Dataset items

........

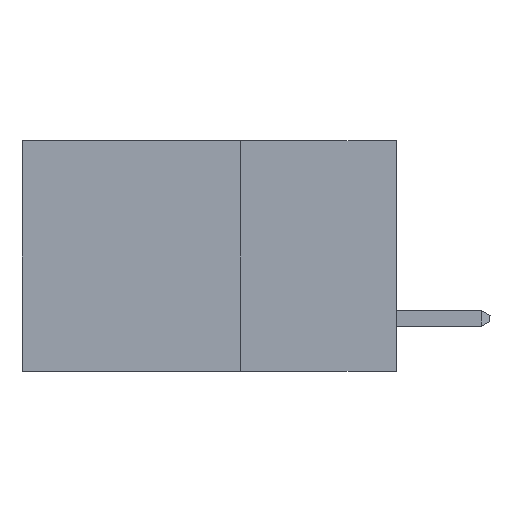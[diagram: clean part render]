
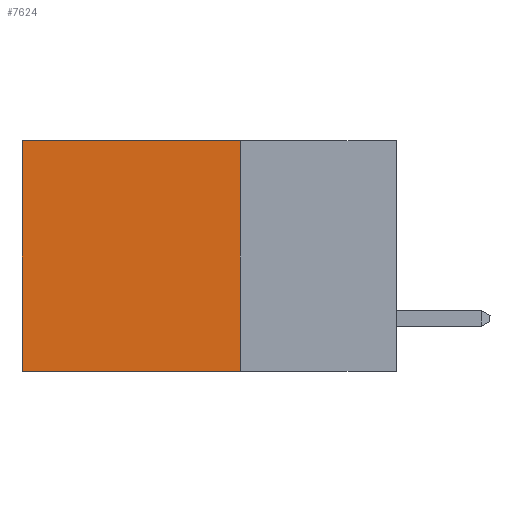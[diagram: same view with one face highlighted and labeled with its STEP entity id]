
A CAD part, left-side view. The second image highlights one B-rep face of the part: STEP entity #7624.
In plain terms, the highlighted planar face has unit normal (-1, 0, 0).
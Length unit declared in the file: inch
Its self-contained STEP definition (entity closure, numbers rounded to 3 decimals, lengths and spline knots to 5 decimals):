
#43 = DIRECTION ( 'NONE',  ( 0., 1., 0. ) ) ;
#191 = LINE ( 'NONE', #19594, #10476 ) ;
#1341 = VERTEX_POINT ( 'NONE', #18251 ) ;
#3033 = CARTESIAN_POINT ( 'NONE',  ( 0.2615, 0.25, 0. ) ) ;
#3189 = PLANE ( 'NONE',  #18602 ) ;
#3447 = EDGE_LOOP ( 'NONE', ( #6608, #11922, #4677, #22130 ) ) ;
#3786 = VERTEX_POINT ( 'NONE', #3033 ) ;
#3793 = VECTOR ( 'NONE', #10599, 39.37008 ) ;
#4130 = LINE ( 'NONE', #21624, #19169 ) ;
#4677 = ORIENTED_EDGE ( 'NONE', *, *, #14984, .F. ) ;
#4860 = DIRECTION ( 'NONE',  ( 1., 0., 0. ) ) ;
#5252 = VERTEX_POINT ( 'NONE', #7643 ) ;
#5457 = CARTESIAN_POINT ( 'NONE',  ( 0.2615, 0.25, -0.37 ) ) ;
#5673 = VERTEX_POINT ( 'NONE', #5457 ) ;
#6050 = DIRECTION ( 'NONE',  ( 0., 0., -1. ) ) ;
#6090 = DIRECTION ( 'NONE',  ( 0., 1., 0. ) ) ;
#6608 = ORIENTED_EDGE ( 'NONE', *, *, #13533, .T. ) ;
#7624 = ADVANCED_FACE ( 'NONE', ( #20668 ), #3189, .F. ) ;
#7643 = CARTESIAN_POINT ( 'NONE',  ( 0.2615, 0.6, -0.37 ) ) ;
#7706 = CARTESIAN_POINT ( 'NONE',  ( 0.2615, 0.6, -0.37 ) ) ;
#7895 = VECTOR ( 'NONE', #6050, 39.37008 ) ;
#8817 = CARTESIAN_POINT ( 'NONE',  ( 0.2615, 0.25, -0.37 ) ) ;
#10073 = EDGE_CURVE ( 'NONE', #5673, #5252, #4130, .T. ) ;
#10476 = VECTOR ( 'NONE', #6090, 39.37008 ) ;
#10599 = DIRECTION ( 'NONE',  ( 0., 0., -1. ) ) ;
#11922 = ORIENTED_EDGE ( 'NONE', *, *, #10073, .F. ) ;
#12261 = CARTESIAN_POINT ( 'NONE',  ( 0.2615, 0.25, -0.37 ) ) ;
#12365 = DIRECTION ( 'NONE',  ( 0., 0., -1. ) ) ;
#13533 = EDGE_CURVE ( 'NONE', #1341, #5252, #15841, .T. ) ;
#14984 = EDGE_CURVE ( 'NONE', #3786, #5673, #15717, .T. ) ;
#15717 = LINE ( 'NONE', #12261, #3793 ) ;
#15841 = LINE ( 'NONE', #7706, #7895 ) ;
#18251 = CARTESIAN_POINT ( 'NONE',  ( 0.2615, 0.6, 0. ) ) ;
#18602 = AXIS2_PLACEMENT_3D ( 'NONE', #8817, #4860, #12365 ) ;
#19169 = VECTOR ( 'NONE', #43, 39.37008 ) ;
#19594 = CARTESIAN_POINT ( 'NONE',  ( 0.2615, 0.25, 0. ) ) ;
#20223 = EDGE_CURVE ( 'NONE', #3786, #1341, #191, .T. ) ;
#20668 = FACE_OUTER_BOUND ( 'NONE', #3447, .T. ) ;
#21624 = CARTESIAN_POINT ( 'NONE',  ( 0.2615, 0.25, -0.37 ) ) ;
#22130 = ORIENTED_EDGE ( 'NONE', *, *, #20223, .T. ) ;

........

- _ABOUT THIS EXERCISE_
Output every entry word for word, but omit the pictures.

- _RESULT OF THIS TASK_
[diagram: clean part render]
[diagram: same view with one face highlighted and labeled with its STEP entity id]
A CAD part, left-side view. The second image highlights one B-rep face of the part: STEP entity #7624.
In plain terms, the highlighted planar face has unit normal (-1, 0, 0).
Length unit declared in the file: inch
Its self-contained STEP definition (entity closure, numbers rounded to 3 decimals, lengths and spline knots to 5 decimals):
#43 = DIRECTION ( 'NONE',  ( 0., 1., 0. ) ) ;
#191 = LINE ( 'NONE', #19594, #10476 ) ;
#1341 = VERTEX_POINT ( 'NONE', #18251 ) ;
#3033 = CARTESIAN_POINT ( 'NONE',  ( 0.2615, 0.25, 0. ) ) ;
#3189 = PLANE ( 'NONE',  #18602 ) ;
#3447 = EDGE_LOOP ( 'NONE', ( #6608, #11922, #4677, #22130 ) ) ;
#3786 = VERTEX_POINT ( 'NONE', #3033 ) ;
#3793 = VECTOR ( 'NONE', #10599, 39.37008 ) ;
#4130 = LINE ( 'NONE', #21624, #19169 ) ;
#4677 = ORIENTED_EDGE ( 'NONE', *, *, #14984, .F. ) ;
#4860 = DIRECTION ( 'NONE',  ( 1., 0., 0. ) ) ;
#5252 = VERTEX_POINT ( 'NONE', #7643 ) ;
#5457 = CARTESIAN_POINT ( 'NONE',  ( 0.2615, 0.25, -0.37 ) ) ;
#5673 = VERTEX_POINT ( 'NONE', #5457 ) ;
#6050 = DIRECTION ( 'NONE',  ( 0., 0., -1. ) ) ;
#6090 = DIRECTION ( 'NONE',  ( 0., 1., 0. ) ) ;
#6608 = ORIENTED_EDGE ( 'NONE', *, *, #13533, .T. ) ;
#7624 = ADVANCED_FACE ( 'NONE', ( #20668 ), #3189, .F. ) ;
#7643 = CARTESIAN_POINT ( 'NONE',  ( 0.2615, 0.6, -0.37 ) ) ;
#7706 = CARTESIAN_POINT ( 'NONE',  ( 0.2615, 0.6, -0.37 ) ) ;
#7895 = VECTOR ( 'NONE', #6050, 39.37008 ) ;
#8817 = CARTESIAN_POINT ( 'NONE',  ( 0.2615, 0.25, -0.37 ) ) ;
#10073 = EDGE_CURVE ( 'NONE', #5673, #5252, #4130, .T. ) ;
#10476 = VECTOR ( 'NONE', #6090, 39.37008 ) ;
#10599 = DIRECTION ( 'NONE',  ( 0., 0., -1. ) ) ;
#11922 = ORIENTED_EDGE ( 'NONE', *, *, #10073, .F. ) ;
#12261 = CARTESIAN_POINT ( 'NONE',  ( 0.2615, 0.25, -0.37 ) ) ;
#12365 = DIRECTION ( 'NONE',  ( 0., 0., -1. ) ) ;
#13533 = EDGE_CURVE ( 'NONE', #1341, #5252, #15841, .T. ) ;
#14984 = EDGE_CURVE ( 'NONE', #3786, #5673, #15717, .T. ) ;
#15717 = LINE ( 'NONE', #12261, #3793 ) ;
#15841 = LINE ( 'NONE', #7706, #7895 ) ;
#18251 = CARTESIAN_POINT ( 'NONE',  ( 0.2615, 0.6, 0. ) ) ;
#18602 = AXIS2_PLACEMENT_3D ( 'NONE', #8817, #4860, #12365 ) ;
#19169 = VECTOR ( 'NONE', #43, 39.37008 ) ;
#19594 = CARTESIAN_POINT ( 'NONE',  ( 0.2615, 0.25, 0. ) ) ;
#20223 = EDGE_CURVE ( 'NONE', #3786, #1341, #191, .T. ) ;
#20668 = FACE_OUTER_BOUND ( 'NONE', #3447, .T. ) ;
#21624 = CARTESIAN_POINT ( 'NONE',  ( 0.2615, 0.25, -0.37 ) ) ;
#22130 = ORIENTED_EDGE ( 'NONE', *, *, #20223, .T. ) ;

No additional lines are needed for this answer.